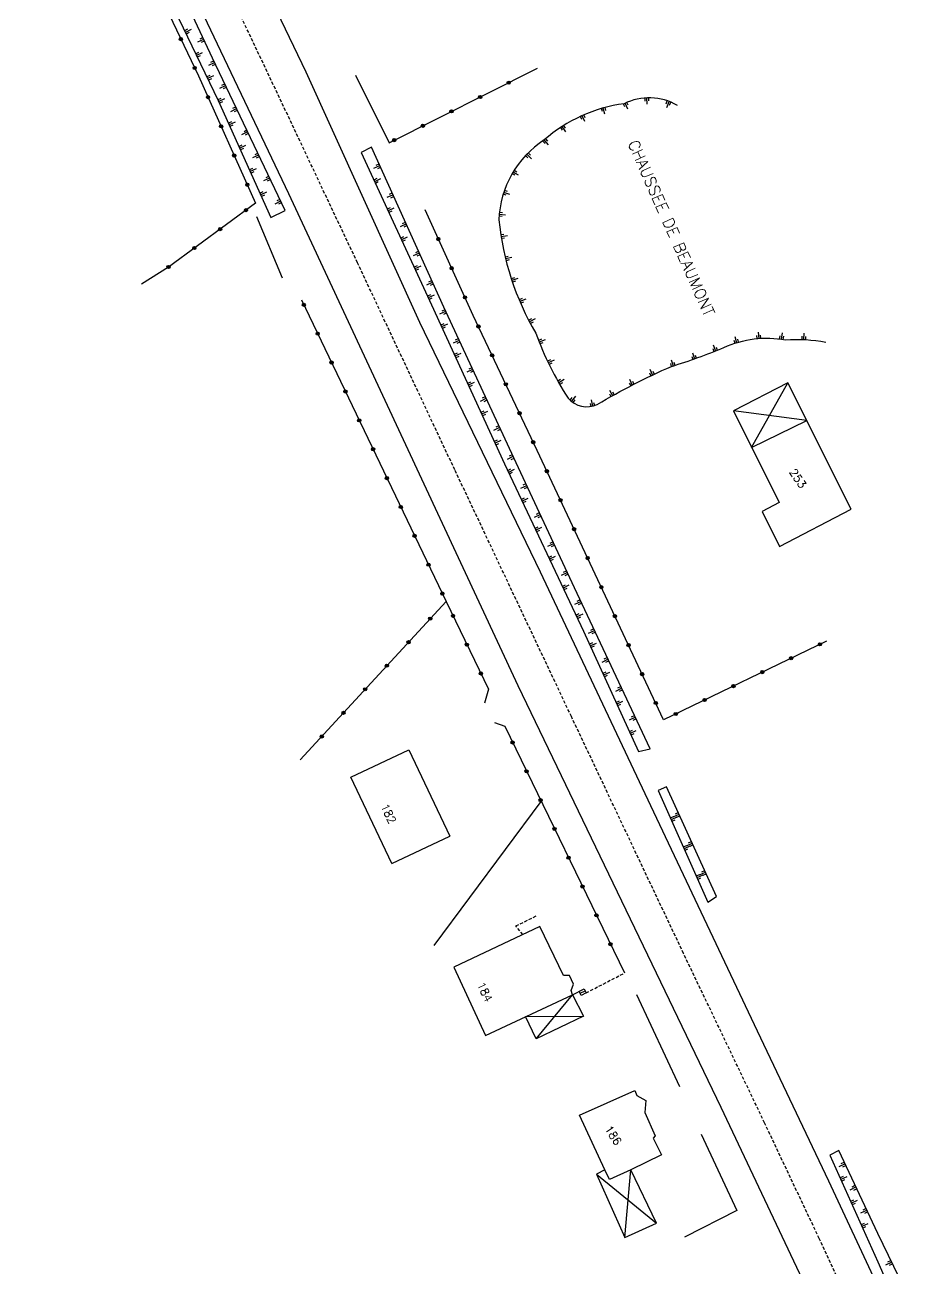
# Model space of a CAD drawing. Header units: millimetres. Extents: x 123000 to 124000, y 124000 to 125000.
# Drawn here: x 123366.8 to 123505.8, y 124506.6 to 124700.8 of the extents above; entities that cross this region are included whole.
import ezdxf
from ezdxf.enums import TextEntityAlignment as Align

# ---------------------------------------------------------------- set-up
doc = ezdxf.new("R2010")
doc.units = ezdxf.units.MM
doc.linetypes.add('DASHED', pattern=[0.75, 0.5, -0.25])
for name, color, linetype in [('w0001', 6, 'DASHED'), ('w0008', 7, 'CONTINUOUS'), ('w0100', 7, 'CONTINUOUS'), ('w0112', 1, 'DASHED'), ('W0211', 2, 'CONTINUOUS'), ('W0310', 3, 'CONTINUOUS'), ('w0322', 7, 'CONTINUOUS'), ('w0989', 7, 'CONTINUOUS'), ('w0991', 7, 'CONTINUOUS')]:
    doc.layers.add(name, color=color, linetype=linetype)
doc.styles.get("Standard").update_dxf_attribs({"font": 'romans.shx', "width": 0.85})

msp = doc.modelspace()

# ---------------------------------------------------------------- linework, layer by layer
at = {"layer": 'w0001'}
msp.add_lwpolyline([(123496.12, 124500), (123490.86, 124511.25), (123482.34, 124529.3), (123469.68, 124555.76), (123452.17, 124592.75), (123433.96, 124631.29), (123418.77, 124663.61), (123399.25, 124704.9), (123383.13, 124738.75), (123377.77, 124750)], dxfattribs=at)
at = {"layer": 'w0008'}
for points in [[(123490.53, 124500), (123475.56, 124531.73), (123443.88, 124597.56), (123408.04, 124674.36), (123372.01, 124750)], [(123383.54, 124750), (123410.68, 124693.44), (123428.46, 124654.35), (123447.27, 124615.35), (123464.53, 124578.85), (123481.17, 124543.7), (123492.3, 124520.27), (123500, 124503.79)]]:
    msp.add_lwpolyline(points, dxfattribs=at)
at = {"layer": 'w0100'}
for points in [[(123495.86, 124625.16), (123485.97, 124644.86), (123477.46, 124640.48), (123484.59, 124626.17), (123481.97, 124624.79), (123484.66, 124619.34), (123495.86, 124625.16)], [(123480.3, 124634.79), (123485.97, 124644.86)], [(123480.3, 124634.79), (123488.92, 124638.97), (123477.46, 124640.48)], [(123417.74, 124583.3), (123426.77, 124587.59)], [(123426.77, 124587.59), (123433.17, 124574.11)], [(123424.14, 124569.82), (123417.74, 124583.3)], [(123424.14, 124569.82), (123433.17, 124574.11)], [(123452.35, 124549.33), (123452.11, 124549.98), (123452.52, 124550.97), (123451.88, 124552.33), (123450.93, 124552.33), (123447.23, 124559.97), (123433.8, 124553.62), (123438.75, 124542.98), (123452.35, 124549.33), (123454.05, 124545.98), (123446.64, 124542.45), (123445.02, 124545.91), (123454.05, 124545.98)], [(123446.64, 124542.45), (123452.35, 124549.33), (123454.18, 124550.23), (123454.47, 124549.62), (123453.71, 124549.22), (123453.37, 124549.83)], [(123453.51, 124549.58), (123454.31, 124549.95)], [(123457.37, 124521.97), (123453.43, 124530.5), (123462.08, 124534.39), (123462.4, 124533.59), (123463.78, 124532.79), (123463.62, 124530.93), (123465.25, 124527.28), (123464.93, 124526.93), (123466.23, 124524.35), (123461.47, 124521.97)], [(123460.53, 124511.43), (123465.48, 124513.64), (123461.47, 124521.97), (123458.11, 124520.46), (123457.37, 124521.97), (123456.09, 124521.33), (123460.53, 124511.43), (123461.47, 124521.97)], [(123456.09, 124521.33), (123465.48, 124513.64)]]:
    msp.add_lwpolyline(points, dxfattribs=at)
at = {"layer": 'w0112'}
for points in [[(123444.59, 124558.72), (123443.51, 124560.06), (123446.86, 124561.73)], [(123454.47, 124549.62), (123460.45, 124552.72)]]:
    msp.add_lwpolyline(points, dxfattribs=at)
at = {"layer": 'W0211'}
for p, q in [((123392.23, 124700.07), (123391.77, 124699.85)), ((123392.8, 124700.02), (123391.9, 124699.59)), ((123392.48, 124699.55), (123392.03, 124699.33)), ((123393.85, 124698.09), (123394.76, 124698.52)), ((123394.18, 124698.57), (123394.63, 124698.78)), ((123394.43, 124698.04), (123394.88, 124698.26)), ((123393.96, 124696.47), (123393.51, 124696.25)), ((123394.54, 124696.42), (123393.63, 124695.99)), ((123394.21, 124695.95), (123393.76, 124695.73)), ((123395.55, 124694.47), (123396.46, 124694.9)), ((123395.88, 124694.95), (123396.33, 124695.16)), ((123396.13, 124694.43), (123396.58, 124694.64)), ((123395.69, 124692.87), (123395.24, 124692.65)), ((123396.27, 124692.82), (123395.37, 124692.39)), ((123395.95, 124692.35), (123395.49, 124692.13)), ((123397.28, 124690.87), (123398.18, 124691.3)), ((123397.6, 124691.34), (123398.06, 124691.56)), ((123397.85, 124690.82), (123398.3, 124691.04)), ((123397.44, 124689.26), (123396.98, 124689.05)), ((123398.01, 124689.2), (123397.1, 124688.79)), ((123397.67, 124688.73), (123397.22, 124688.53)), ((123461, 124687.62), (123460.57, 124688.53)), ((123461.05, 124688.2), (123460.83, 124688.65)), ((123463.69, 124688.86), (123463.67, 124689.36)), ((123464, 124688.37), (123463.96, 124689.37)), ((123464.27, 124688.89), (123464.25, 124689.38)), ((123466.96, 124688.45), (123467.14, 124688.92)), ((123467.06, 124687.88), (123467.41, 124688.82)), ((123467.5, 124688.25), (123467.68, 124688.72)), ((123399, 124687.26), (123399.9, 124687.69)), ((123399.33, 124687.74), (123399.78, 124687.95)), ((123399.58, 124687.22), (123400.03, 124687.43)), ((123454.25, 124685.67), (123453.84, 124686.58)), ((123454.31, 124686.24), (123454.1, 124686.7)), ((123457, 124687.22), (123456.87, 124687.7)), ((123457.41, 124686.81), (123457.14, 124687.78)), ((123457.56, 124687.37), (123457.42, 124687.85)), ((123460.53, 124687.95), (123460.31, 124688.4)), ((123399.08, 124685.61), (123398.62, 124685.41)), ((123399.65, 124685.56), (123398.74, 124685.15)), ((123399.32, 124685.09), (123398.86, 124684.88)), ((123450.78, 124684.33), (123450.51, 124684.75)), ((123451.29, 124684.07), (123450.75, 124684.91)), ((123451.26, 124684.64), (123450.99, 124685.06)), ((123453.78, 124686.01), (123453.58, 124686.46)), ((123400.72, 124683.66), (123401.63, 124684.09)), ((123401.05, 124684.13), (123401.5, 124684.35)), ((123401.3, 124683.61), (123401.75, 124683.83)), ((123448.6, 124682.04), (123447.94, 124682.79)), ((123448.49, 124682.61), (123448.16, 124682.98)), ((123400.72, 124681.97), (123400.27, 124681.77)), ((123401.3, 124681.91), (123400.38, 124681.5)), ((123400.96, 124681.45), (123400.5, 124681.24)), ((123402.77, 124680.53), (123403.22, 124680.74)), ((123445.78, 124680.43), (123445.43, 124680.78)), ((123448.05, 124682.23), (123447.72, 124682.6)), ((123402.45, 124680.05), (123403.35, 124680.48)), ((123403.02, 124680.01), (123403.47, 124680.22)), ((123421.34, 124678.39), (123422.25, 124678.81)), ((123421.68, 124678.86), (123422.13, 124679.07)), ((123445.38, 124680.01), (123445.02, 124680.36)), ((123445.94, 124679.87), (123445.22, 124680.57)), ((123402.36, 124678.33), (123401.91, 124678.12)), ((123402.94, 124678.27), (123402.03, 124677.86)), ((123402.6, 124677.8), (123402.15, 124677.6)), ((123404.17, 124676.45), (123405.07, 124676.88)), ((123404.5, 124676.92), (123404.95, 124677.14)), ((123421.92, 124678.34), (123422.37, 124678.54)), ((123443.36, 124677.29), (123442.93, 124677.54)), ((123443.93, 124677.27), (123443.08, 124677.79)), ((123443.66, 124677.78), (123443.23, 124678.04)), ((123404.74, 124676.4), (123405.2, 124676.62)), ((123421.78, 124676.75), (123421.32, 124676.54)), ((123422.35, 124676.7), (123421.44, 124676.28)), ((123422.02, 124676.23), (123421.57, 124676.02)), ((123404.01, 124674.69), (123403.55, 124674.48)), ((123404.58, 124674.63), (123403.67, 124674.22)), ((123404.24, 124674.16), (123403.79, 124673.96)), ((123405.89, 124672.84), (123406.79, 124673.27)), ((123406.22, 124673.32), (123406.67, 124673.53)), ((123406.47, 124672.8), (123406.92, 124673.01)), ((123423.4, 124673.84), (123424.31, 124674.25)), ((123423.74, 124674.31), (123424.19, 124674.52)), ((123423.98, 124673.78), (123424.43, 124673.99)), ((123442, 124674.17), (123441.52, 124674.33)), ((123442.56, 124674.29), (123441.61, 124674.6)), ((123442.18, 124674.72), (123441.7, 124674.88)), ((123423.87, 124672.22), (123423.42, 124672.01)), ((123424.45, 124672.16), (123423.54, 124671.74)), ((123424.11, 124671.69), (123423.66, 124671.48)), ((123441.9, 124671.07), (123440.9, 124671.16)), ((123441.43, 124671.41), (123440.93, 124671.45)), ((123425.46, 124669.29), (123426.37, 124669.7)), ((123425.8, 124669.76), (123426.25, 124669.96)), ((123426.04, 124669.23), (123426.49, 124669.44)), ((123441.38, 124670.83), (123440.88, 124670.88)), ((123425.97, 124667.68), (123425.51, 124667.47)), ((123426.54, 124667.63), (123425.63, 124667.21)), ((123426.21, 124667.16), (123425.76, 124666.95)), ((123441.64, 124668.04), (123441.15, 124667.96)), ((123442.18, 124667.83), (123441.2, 124667.67)), ((123441.73, 124667.47), (123441.24, 124667.39)), ((123427.86, 124665.21), (123428.31, 124665.41)), ((123427.52, 124664.74), (123428.43, 124665.15)), ((123428.1, 124664.68), (123428.55, 124664.89)), ((123442.31, 124664.62), (123441.83, 124664.5)), ((123442.87, 124664.46), (123441.9, 124664.22)), ((123442.45, 124664.06), (123441.96, 124663.94)), ((123428.06, 124663.14), (123427.61, 124662.93)), ((123428.64, 124663.09), (123427.73, 124662.67)), ((123428.3, 124662.62), (123427.85, 124662.41)), ((123429.58, 124660.18), (123430.49, 124660.6)), ((123429.92, 124660.65), (123430.37, 124660.86)), ((123430.16, 124660.13), (123430.61, 124660.33)), ((123443.26, 124661.28), (123442.78, 124661.12)), ((123443.82, 124661.16), (123442.87, 124660.85)), ((123443.44, 124660.73), (123442.96, 124660.57)), ((123430.16, 124658.61), (123429.7, 124658.4)), ((123430.73, 124658.56), (123429.82, 124658.14)), ((123430.4, 124658.08), (123429.94, 124657.87)), ((123444.47, 124658.02), (123444.01, 124657.82)), ((123445.04, 124657.95), (123444.12, 124657.56)), ((123444.7, 124657.49), (123444.24, 124657.29)), ((123431.65, 124655.63), (123432.56, 124656.05)), ((123431.98, 124656.1), (123432.44, 124656.31)), ((123432.23, 124655.57), (123432.68, 124655.79)), ((123432.24, 124654.07), (123431.79, 124653.86)), ((123432.82, 124654.01), (123431.91, 124653.6)), ((123432.48, 124653.54), (123432.03, 124653.33)), ((123445.94, 124654.87), (123445.5, 124654.64)), ((123446.52, 124654.85), (123445.64, 124654.38)), ((123446.21, 124654.36), (123445.77, 124654.13)), ((123434.09, 124651.57), (123434.54, 124651.78)), ((123447.51, 124651.67), (123447.04, 124651.49)), ((123477.66, 124652.09), (123477.96, 124651.13)), ((123478.09, 124651.69), (123478.23, 124651.22)), ((123481.08, 124652.27), (123481.12, 124651.77)), ((123481.32, 124652.79), (123481.41, 124651.79)), ((123481.65, 124652.32), (123481.69, 124651.82)), ((123484.7, 124652.23), (123484.63, 124651.73)), ((123485.05, 124652.68), (123484.91, 124651.69)), ((123485.27, 124652.15), (123485.2, 124651.65)), ((123488.16, 124652.15), (123488.13, 124651.65)), ((123488.47, 124652.63), (123488.42, 124651.63)), ((123488.73, 124652.12), (123488.71, 124651.62)), ((123433.76, 124651.1), (123434.67, 124651.52)), ((123434.33, 124651.04), (123434.79, 124651.26)), ((123448.08, 124651.59), (123447.15, 124651.22)), ((123447.72, 124651.13), (123447.26, 124650.95)), ((123474.23, 124650.21), (123474.41, 124649.75)), ((123474.32, 124650.78), (123474.68, 124649.85)), ((123474.77, 124650.42), (123474.95, 124649.96)), ((123477.53, 124651.52), (123477.68, 124651.05)), ((123434.32, 124649.52), (123433.87, 124649.32)), ((123434.9, 124649.47), (123433.99, 124649.05)), ((123434.57, 124649), (123434.11, 124648.79)), ((123448.88, 124648.47), (123448.43, 124648.26)), ((123449.46, 124648.43), (123448.55, 124648)), ((123449.13, 124647.95), (123448.68, 124647.74)), ((123467.62, 124647.91), (123467.77, 124647.43)), ((123467.75, 124648.48), (123468.05, 124647.52)), ((123468.18, 124648.08), (123468.32, 124647.61)), ((123470.95, 124649), (123471.11, 124648.53)), ((123471.06, 124649.57), (123471.39, 124648.62)), ((123471.49, 124649.19), (123471.66, 124648.72)), ((123435.87, 124646.57), (123436.77, 124646.99)), ((123436.2, 124647.04), (123436.65, 124647.25)), ((123436.44, 124646.51), (123436.89, 124646.73)), ((123464.36, 124646.42), (123464.57, 124645.97)), ((123464.41, 124646.99), (123464.84, 124646.09)), ((123464.88, 124646.67), (123465.1, 124646.21)), ((123436.41, 124644.98), (123435.95, 124644.77)), ((123436.98, 124644.93), (123436.07, 124644.51)), ((123436.65, 124644.46), (123436.19, 124644.25)), ((123450.48, 124645.38), (123450.05, 124645.13)), ((123451.06, 124645.38), (123450.19, 124644.88)), ((123450.77, 124644.88), (123450.33, 124644.63)), ((123461.2, 124644.84), (123461.43, 124644.4)), ((123461.22, 124645.42), (123461.68, 124644.53)), ((123461.71, 124645.11), (123461.94, 124644.66)), ((123437.97, 124642.03), (123438.88, 124642.46)), ((123438.31, 124642.51), (123438.76, 124642.72)), ((123438.55, 124641.98), (123439, 124642.2)), ((123452.25, 124642.56), (123451.94, 124642.17)), ((123452.79, 124642.77), (123452.16, 124641.99)), ((123452.7, 124642.2), (123452.39, 124641.81)), ((123455.24, 124642.22), (123455.48, 124641.24)), ((123458.09, 124643.16), (123458.33, 124642.72)), ((123458.1, 124643.74), (123458.58, 124642.87)), ((123458.59, 124643.44), (123458.84, 124643.01)), ((123438.49, 124640.44), (123438.03, 124640.23)), ((123439.06, 124640.39), (123438.15, 124639.97)), ((123455.08, 124641.66), (123455.19, 124641.18)), ((123455.64, 124641.8), (123455.76, 124641.31)), ((123438.73, 124639.92), (123438.27, 124639.71)), ((123440.41, 124637.98), (123440.87, 124638.19)), ((123440.08, 124637.5), (123440.99, 124637.93)), ((123440.66, 124637.45), (123441.11, 124637.66)), ((123440.57, 124635.9), (123440.11, 124635.69)), ((123441.14, 124635.84), (123440.24, 124635.43)), ((123440.81, 124635.37), (123440.36, 124635.16)), ((123442.19, 124632.97), (123443.09, 124633.4)), ((123442.52, 124633.45), (123442.97, 124633.66)), ((123442.76, 124632.92), (123443.22, 124633.13)), ((123442.66, 124631.37), (123442.21, 124631.15)), ((123443.24, 124631.32), (123442.33, 124630.89)), ((123442.91, 124630.85), (123442.46, 124630.63)), ((123444.29, 124628.44), (123445.2, 124628.86)), ((123444.62, 124628.92), (123445.08, 124629.13)), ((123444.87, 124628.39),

━━━

### Exercise prompt
The line containing "from ezdxf.enums import" marks the end: transcribe every line from the start of the listing up to and including it, minus the pictures.

### Exercise solution
# Model space of a CAD drawing. Header units: millimetres. Extents: x 123000 to 124000, y 124000 to 125000.
# Drawn here: x 123366.8 to 123505.8, y 124506.6 to 124700.8 of the extents above; entities that cross this region are included whole.
import ezdxf
from ezdxf.enums import TextEntityAlignment as Align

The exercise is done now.